Chapter 34

Chapter

Thirty-Four

The walk to the weeping willow tree deep in the forest is quiet, eerily so.

No birds sing out as we pass, no crickets chirp. It feels as if nothing moves except us, the small group of people who walk down the path I hoped I wouldn’t walk again.

Cedar and I carried the woman from the town hall, and when we pushed through the door, only a few people stood waiting.

Rylan strode up to us, took the woman’s limp body from our grasp, and the only thing he said was, “Lead the way.”

I twined my fingers with Hazel’s as we started walking, heading for the trail that led past the Pines’ house. Edward joined us as we walked past his window. His eyes were sombre as he picked up the same shovel as the last time.

More and more people followed behind us as we walked, weaving between the trees, yet no one spoke. Not a word has been uttered since we left the town square. I’m not sure what the right words would be.

Hazel grips my hand, squeezing it once as the fresh grave for the Livingstons comes into view ahead of us, the willow tree casting it under its everlasting shadow.

“Can you help me, boy?” Edward says as he digs his shovel into the dirt just near the fresh soil.

Rylan gently lays the woman’s body down, and Hazel, Cedar, and I kneel beside her. “I can start,” he says, taking the shovel and pushing it into the ground.

“How are we here again?” Hazel breathes as she looks down at the woman in front of us. “What went wrong that we’ve found ourselves in the exact same position?”

I can’t speak. I don’t have an answer.

Everything went wrong.

I focus on the sound of Rylan digging, the steady cut as he digs the metal into the forest floor, and the scrape as he pulls it up. The repetitive sound is the only dependable thing in this moment.

I look up, watching Rylan as he digs, and digs, and digs. Watching the determination furrowed between his brows, and the resentment tense in his forearms as he grips the handle fiercely.

Edward watches him too, his eyes roaming over Rylan as he digs deeper, throwing the dirt over his shoulder like it weighs nothing, giving no sign of stopping.

This feels too much like last time, it feels too familiar.

“We don’t even know her name,” I mumble.

“What?” Cedar asks.

I look up again to see my defeat mirrored in their eyes. “What was her name?”

They both look down at her, and Cedar shakes her head as her lips part.

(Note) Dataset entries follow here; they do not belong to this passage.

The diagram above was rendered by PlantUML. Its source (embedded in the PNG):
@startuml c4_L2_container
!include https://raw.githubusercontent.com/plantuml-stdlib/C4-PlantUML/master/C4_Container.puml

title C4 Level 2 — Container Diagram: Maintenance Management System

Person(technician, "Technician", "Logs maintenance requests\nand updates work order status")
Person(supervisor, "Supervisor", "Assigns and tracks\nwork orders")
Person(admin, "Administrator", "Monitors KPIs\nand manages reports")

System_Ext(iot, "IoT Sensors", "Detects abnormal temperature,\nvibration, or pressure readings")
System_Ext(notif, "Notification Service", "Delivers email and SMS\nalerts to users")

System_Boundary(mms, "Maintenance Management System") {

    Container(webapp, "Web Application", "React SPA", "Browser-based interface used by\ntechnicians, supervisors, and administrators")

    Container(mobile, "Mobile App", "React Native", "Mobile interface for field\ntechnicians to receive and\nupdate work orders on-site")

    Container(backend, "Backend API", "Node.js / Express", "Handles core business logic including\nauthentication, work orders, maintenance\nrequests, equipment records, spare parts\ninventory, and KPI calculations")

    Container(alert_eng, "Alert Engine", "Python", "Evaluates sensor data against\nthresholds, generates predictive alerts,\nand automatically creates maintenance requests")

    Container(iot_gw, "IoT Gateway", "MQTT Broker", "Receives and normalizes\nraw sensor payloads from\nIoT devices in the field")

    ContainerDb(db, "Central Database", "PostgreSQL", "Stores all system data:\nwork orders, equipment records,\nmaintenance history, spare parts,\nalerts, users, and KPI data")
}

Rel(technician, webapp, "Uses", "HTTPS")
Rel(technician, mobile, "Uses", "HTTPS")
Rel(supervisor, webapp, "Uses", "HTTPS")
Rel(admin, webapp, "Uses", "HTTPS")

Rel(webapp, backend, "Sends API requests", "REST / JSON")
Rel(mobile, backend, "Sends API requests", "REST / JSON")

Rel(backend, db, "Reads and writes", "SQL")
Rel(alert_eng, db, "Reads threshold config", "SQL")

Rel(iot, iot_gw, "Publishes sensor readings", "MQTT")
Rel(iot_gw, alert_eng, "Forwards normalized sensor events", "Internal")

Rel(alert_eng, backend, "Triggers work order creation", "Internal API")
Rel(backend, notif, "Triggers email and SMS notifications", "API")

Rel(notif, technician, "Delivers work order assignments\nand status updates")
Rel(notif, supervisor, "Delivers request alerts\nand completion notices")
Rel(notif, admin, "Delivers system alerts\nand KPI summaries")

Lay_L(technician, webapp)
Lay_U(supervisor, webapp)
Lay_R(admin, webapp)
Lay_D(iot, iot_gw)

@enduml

“Does anyone know her name?” I ask as I turn around, looking at the people gathered behind me, a group of no more than ten people.

Ten people.

I remember my parent’s funeral. The entire town was there. Yet only ten people stand behind us, when this woman was murdered right before our eyes.

“Her name was Alice,” a voice calls quietly.

A few people step aside to reveal the young shield standing in his uniform at the back of the group, his sword still strapped to his waist.

“You can’t be here,” someone says.

He shakes his head, his eyes filled with fear. “I’m sorry,” he says. “I am so sorry.” I’m breathless as his pleading gaze meets mine. I remember the doubt in those light eyes, the uncertainty as he watched his captain strip a woman naked.

“Please.” He takes a hesitant step forward. “I’m here to pay my respects, nothing more. No one knows I am here.”

I don’t know what to say, but everyone looks to me as if it is my decision, and I’m not sure why.

The boy’s voice is shaky, and my heart falls deep in my chest. I don’t think he had any idea of what he was getting into when he took this job.

The steady sound of Rylan’s digging halts from behind me, and when I turn to see his dirt-smeared face, he’s looking at the shield. I can see in his eyes what he thinks, but his gaze drops to mine. His eyes remind me of the clearing by my old house—shades of green laced with empathy.

He must find whatever he is looking for in my stare, because he looks up at the boy once more, and gives him a terse nod.

I don’t fail to notice how the rest of the group doesn’t argue, the way they take that simple gesture as law.

The sound of the spade hitting the dirt once more draws my attention. “Last name?” Edward asks from where he is crouched in front of the willow, his knife in hand. No one answers him.

He gives a small nod before carving Alice’s name into the bark, just below Pearl and Dahlia’s.

I feel numb as he and Rylan lift her body before lowering her into the ground. All of this resembles a sick form of déjà vu.

“May she forever find peace in these woods,” Edward recites before he carefully tips the dirt back into the space it came from.

Everyone moves closer, and the small group of us form a circle around her grave.

Rylan finds a spot beside me, and I let out a shaky breath.

My inhale carries the scent of him, and I breathe it in, letting myself imagine that I’m somewhere else.

Somewhere in the forest as it rains, where raindrops fall from the leaves, and water cascades down the tree trunks.

I don’t open my eyes when I feel his knuckles brush against my own. Not even when his fingers slip between mine, his broad palm engulfing my own as our hands fuse together. I simply keep my eyes closed and hold on.